* **WHAT THE EXERCISE ASKS**:
Copy exactly the lines of the data below that run from the line holding "#89=ADVANCED_FACE('F135',(#88),#63,.F.);" through the line holding "#101=VERTEX_POINT('',#100);", both ends included.

* **LISTED RECORDS**:

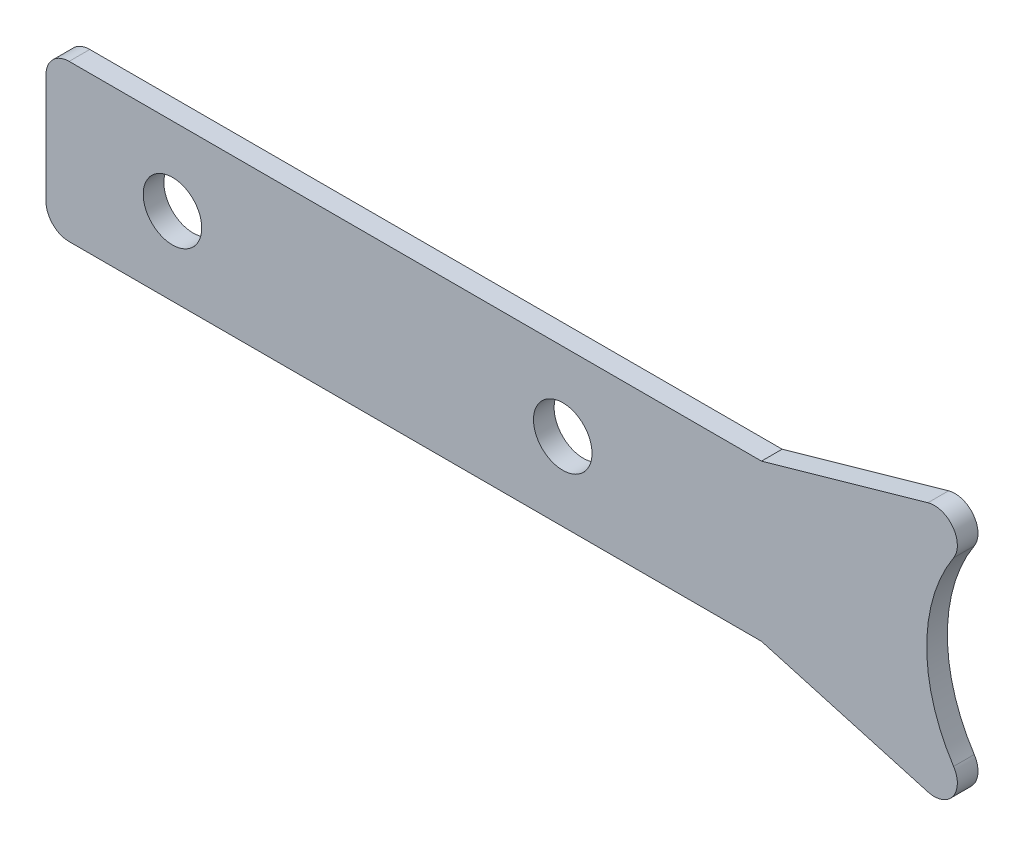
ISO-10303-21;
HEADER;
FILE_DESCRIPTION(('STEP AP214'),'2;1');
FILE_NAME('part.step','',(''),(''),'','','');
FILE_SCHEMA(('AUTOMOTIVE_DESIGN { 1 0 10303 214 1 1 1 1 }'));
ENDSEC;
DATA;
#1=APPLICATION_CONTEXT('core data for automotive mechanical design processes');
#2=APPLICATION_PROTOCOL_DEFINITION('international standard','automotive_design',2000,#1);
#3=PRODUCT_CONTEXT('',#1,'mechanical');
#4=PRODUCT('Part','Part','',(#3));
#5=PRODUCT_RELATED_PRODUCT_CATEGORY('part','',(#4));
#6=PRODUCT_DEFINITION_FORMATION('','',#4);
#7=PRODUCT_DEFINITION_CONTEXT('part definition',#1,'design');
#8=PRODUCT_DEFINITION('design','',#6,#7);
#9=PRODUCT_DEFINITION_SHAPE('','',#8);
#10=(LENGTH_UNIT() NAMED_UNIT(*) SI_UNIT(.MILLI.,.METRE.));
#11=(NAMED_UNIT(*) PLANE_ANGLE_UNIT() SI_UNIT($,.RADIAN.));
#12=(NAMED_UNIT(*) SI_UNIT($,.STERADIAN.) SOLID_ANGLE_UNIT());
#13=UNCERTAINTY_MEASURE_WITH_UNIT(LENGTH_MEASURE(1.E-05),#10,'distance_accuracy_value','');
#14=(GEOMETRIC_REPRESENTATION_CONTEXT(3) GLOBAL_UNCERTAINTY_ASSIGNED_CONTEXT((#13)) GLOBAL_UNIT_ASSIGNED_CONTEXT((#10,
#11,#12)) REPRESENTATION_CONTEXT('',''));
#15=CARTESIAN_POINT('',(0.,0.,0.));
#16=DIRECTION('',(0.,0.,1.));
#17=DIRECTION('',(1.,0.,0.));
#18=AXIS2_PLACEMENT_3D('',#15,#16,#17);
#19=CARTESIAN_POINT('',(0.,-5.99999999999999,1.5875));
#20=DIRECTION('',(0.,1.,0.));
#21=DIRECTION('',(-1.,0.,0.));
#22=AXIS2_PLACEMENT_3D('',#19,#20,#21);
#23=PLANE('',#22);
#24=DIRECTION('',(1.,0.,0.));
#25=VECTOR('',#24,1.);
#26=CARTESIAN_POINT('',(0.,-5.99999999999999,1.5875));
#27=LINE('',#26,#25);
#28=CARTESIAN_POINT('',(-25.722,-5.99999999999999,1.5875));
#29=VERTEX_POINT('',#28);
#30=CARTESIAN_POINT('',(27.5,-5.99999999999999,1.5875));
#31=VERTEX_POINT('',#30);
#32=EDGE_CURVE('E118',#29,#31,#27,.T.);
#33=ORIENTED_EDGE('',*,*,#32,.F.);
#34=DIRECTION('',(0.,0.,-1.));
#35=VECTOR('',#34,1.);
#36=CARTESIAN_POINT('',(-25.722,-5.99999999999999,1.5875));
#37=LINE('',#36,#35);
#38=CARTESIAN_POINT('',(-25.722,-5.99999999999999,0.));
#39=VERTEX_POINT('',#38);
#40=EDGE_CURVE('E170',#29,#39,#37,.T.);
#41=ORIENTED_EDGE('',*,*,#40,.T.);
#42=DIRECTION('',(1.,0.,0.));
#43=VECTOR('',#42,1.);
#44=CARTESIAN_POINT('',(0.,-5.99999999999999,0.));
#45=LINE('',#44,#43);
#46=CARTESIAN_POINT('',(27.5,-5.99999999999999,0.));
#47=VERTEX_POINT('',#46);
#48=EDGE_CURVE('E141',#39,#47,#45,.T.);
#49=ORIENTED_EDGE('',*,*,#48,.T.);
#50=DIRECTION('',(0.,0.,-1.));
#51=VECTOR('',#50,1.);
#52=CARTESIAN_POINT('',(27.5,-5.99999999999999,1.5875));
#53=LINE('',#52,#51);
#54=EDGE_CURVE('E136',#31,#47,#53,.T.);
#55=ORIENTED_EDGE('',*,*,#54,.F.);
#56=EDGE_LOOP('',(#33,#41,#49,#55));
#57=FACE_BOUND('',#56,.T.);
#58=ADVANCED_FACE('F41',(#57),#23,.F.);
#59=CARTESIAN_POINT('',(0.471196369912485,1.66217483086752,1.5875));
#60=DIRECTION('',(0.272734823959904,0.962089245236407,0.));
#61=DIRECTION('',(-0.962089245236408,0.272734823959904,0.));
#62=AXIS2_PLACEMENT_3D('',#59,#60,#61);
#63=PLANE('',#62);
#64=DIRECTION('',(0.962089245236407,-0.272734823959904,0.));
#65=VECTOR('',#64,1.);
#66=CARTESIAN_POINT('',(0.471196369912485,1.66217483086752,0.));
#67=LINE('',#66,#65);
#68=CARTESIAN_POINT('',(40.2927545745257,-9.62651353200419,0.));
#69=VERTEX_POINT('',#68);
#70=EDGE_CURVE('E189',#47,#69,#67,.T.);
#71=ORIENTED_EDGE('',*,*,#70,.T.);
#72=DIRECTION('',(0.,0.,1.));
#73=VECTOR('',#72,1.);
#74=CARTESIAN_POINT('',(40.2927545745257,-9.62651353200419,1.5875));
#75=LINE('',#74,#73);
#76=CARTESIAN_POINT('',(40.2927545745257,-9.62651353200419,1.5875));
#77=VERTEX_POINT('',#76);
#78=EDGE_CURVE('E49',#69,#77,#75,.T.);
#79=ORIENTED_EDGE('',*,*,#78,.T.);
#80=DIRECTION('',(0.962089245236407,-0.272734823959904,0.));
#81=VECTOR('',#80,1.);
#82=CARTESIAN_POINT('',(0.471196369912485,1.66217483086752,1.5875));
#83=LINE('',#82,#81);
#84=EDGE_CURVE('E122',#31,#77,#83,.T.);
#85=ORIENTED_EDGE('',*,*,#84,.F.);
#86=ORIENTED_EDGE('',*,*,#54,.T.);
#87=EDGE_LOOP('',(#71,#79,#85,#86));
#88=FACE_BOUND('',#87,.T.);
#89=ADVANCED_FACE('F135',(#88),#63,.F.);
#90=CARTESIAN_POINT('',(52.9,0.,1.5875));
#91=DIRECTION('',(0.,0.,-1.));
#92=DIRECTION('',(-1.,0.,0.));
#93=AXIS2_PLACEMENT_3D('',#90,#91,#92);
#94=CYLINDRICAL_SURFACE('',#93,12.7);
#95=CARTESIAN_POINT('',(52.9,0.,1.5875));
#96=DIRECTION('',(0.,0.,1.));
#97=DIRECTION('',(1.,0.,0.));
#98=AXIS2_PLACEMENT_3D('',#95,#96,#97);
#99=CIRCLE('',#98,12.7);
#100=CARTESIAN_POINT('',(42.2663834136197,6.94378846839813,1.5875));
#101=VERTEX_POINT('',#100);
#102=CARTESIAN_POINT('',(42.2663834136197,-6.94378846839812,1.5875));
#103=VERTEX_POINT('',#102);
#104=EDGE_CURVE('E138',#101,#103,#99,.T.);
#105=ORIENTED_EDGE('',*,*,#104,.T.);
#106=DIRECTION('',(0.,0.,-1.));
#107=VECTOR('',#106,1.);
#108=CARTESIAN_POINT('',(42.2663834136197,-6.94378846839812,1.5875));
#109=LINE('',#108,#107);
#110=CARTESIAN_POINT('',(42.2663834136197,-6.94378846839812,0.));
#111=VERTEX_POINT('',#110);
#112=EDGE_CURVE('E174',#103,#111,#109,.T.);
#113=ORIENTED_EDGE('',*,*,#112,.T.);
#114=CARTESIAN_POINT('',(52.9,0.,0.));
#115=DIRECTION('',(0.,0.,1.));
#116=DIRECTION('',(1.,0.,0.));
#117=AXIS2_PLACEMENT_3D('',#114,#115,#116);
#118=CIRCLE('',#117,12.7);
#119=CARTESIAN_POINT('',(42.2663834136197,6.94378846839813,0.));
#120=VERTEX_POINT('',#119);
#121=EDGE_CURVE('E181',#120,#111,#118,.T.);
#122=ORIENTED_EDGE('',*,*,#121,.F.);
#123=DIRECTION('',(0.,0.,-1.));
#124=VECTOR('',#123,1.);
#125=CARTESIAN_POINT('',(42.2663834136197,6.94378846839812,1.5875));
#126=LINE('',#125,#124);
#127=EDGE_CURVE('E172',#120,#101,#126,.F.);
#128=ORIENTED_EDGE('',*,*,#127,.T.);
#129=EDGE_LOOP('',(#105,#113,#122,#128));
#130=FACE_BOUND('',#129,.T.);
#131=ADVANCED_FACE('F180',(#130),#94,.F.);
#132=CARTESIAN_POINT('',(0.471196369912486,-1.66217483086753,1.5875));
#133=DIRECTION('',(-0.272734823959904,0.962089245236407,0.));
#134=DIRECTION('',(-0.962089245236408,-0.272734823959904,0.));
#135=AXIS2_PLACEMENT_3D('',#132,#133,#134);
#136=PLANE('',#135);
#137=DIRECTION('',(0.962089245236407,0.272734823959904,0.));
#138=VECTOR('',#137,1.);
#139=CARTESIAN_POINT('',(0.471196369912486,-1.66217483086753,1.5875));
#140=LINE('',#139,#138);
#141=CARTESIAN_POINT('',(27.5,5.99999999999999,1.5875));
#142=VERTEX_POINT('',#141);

* **COMPLETED TASK**:
#89=ADVANCED_FACE('F135',(#88),#63,.F.);
#90=CARTESIAN_POINT('',(52.9,0.,1.5875));
#91=DIRECTION('',(0.,0.,-1.));
#92=DIRECTION('',(-1.,0.,0.));
#93=AXIS2_PLACEMENT_3D('',#90,#91,#92);
#94=CYLINDRICAL_SURFACE('',#93,12.7);
#95=CARTESIAN_POINT('',(52.9,0.,1.5875));
#96=DIRECTION('',(0.,0.,1.));
#97=DIRECTION('',(1.,0.,0.));
#98=AXIS2_PLACEMENT_3D('',#95,#96,#97);
#99=CIRCLE('',#98,12.7);
#100=CARTESIAN_POINT('',(42.2663834136197,6.94378846839813,1.5875));
#101=VERTEX_POINT('',#100);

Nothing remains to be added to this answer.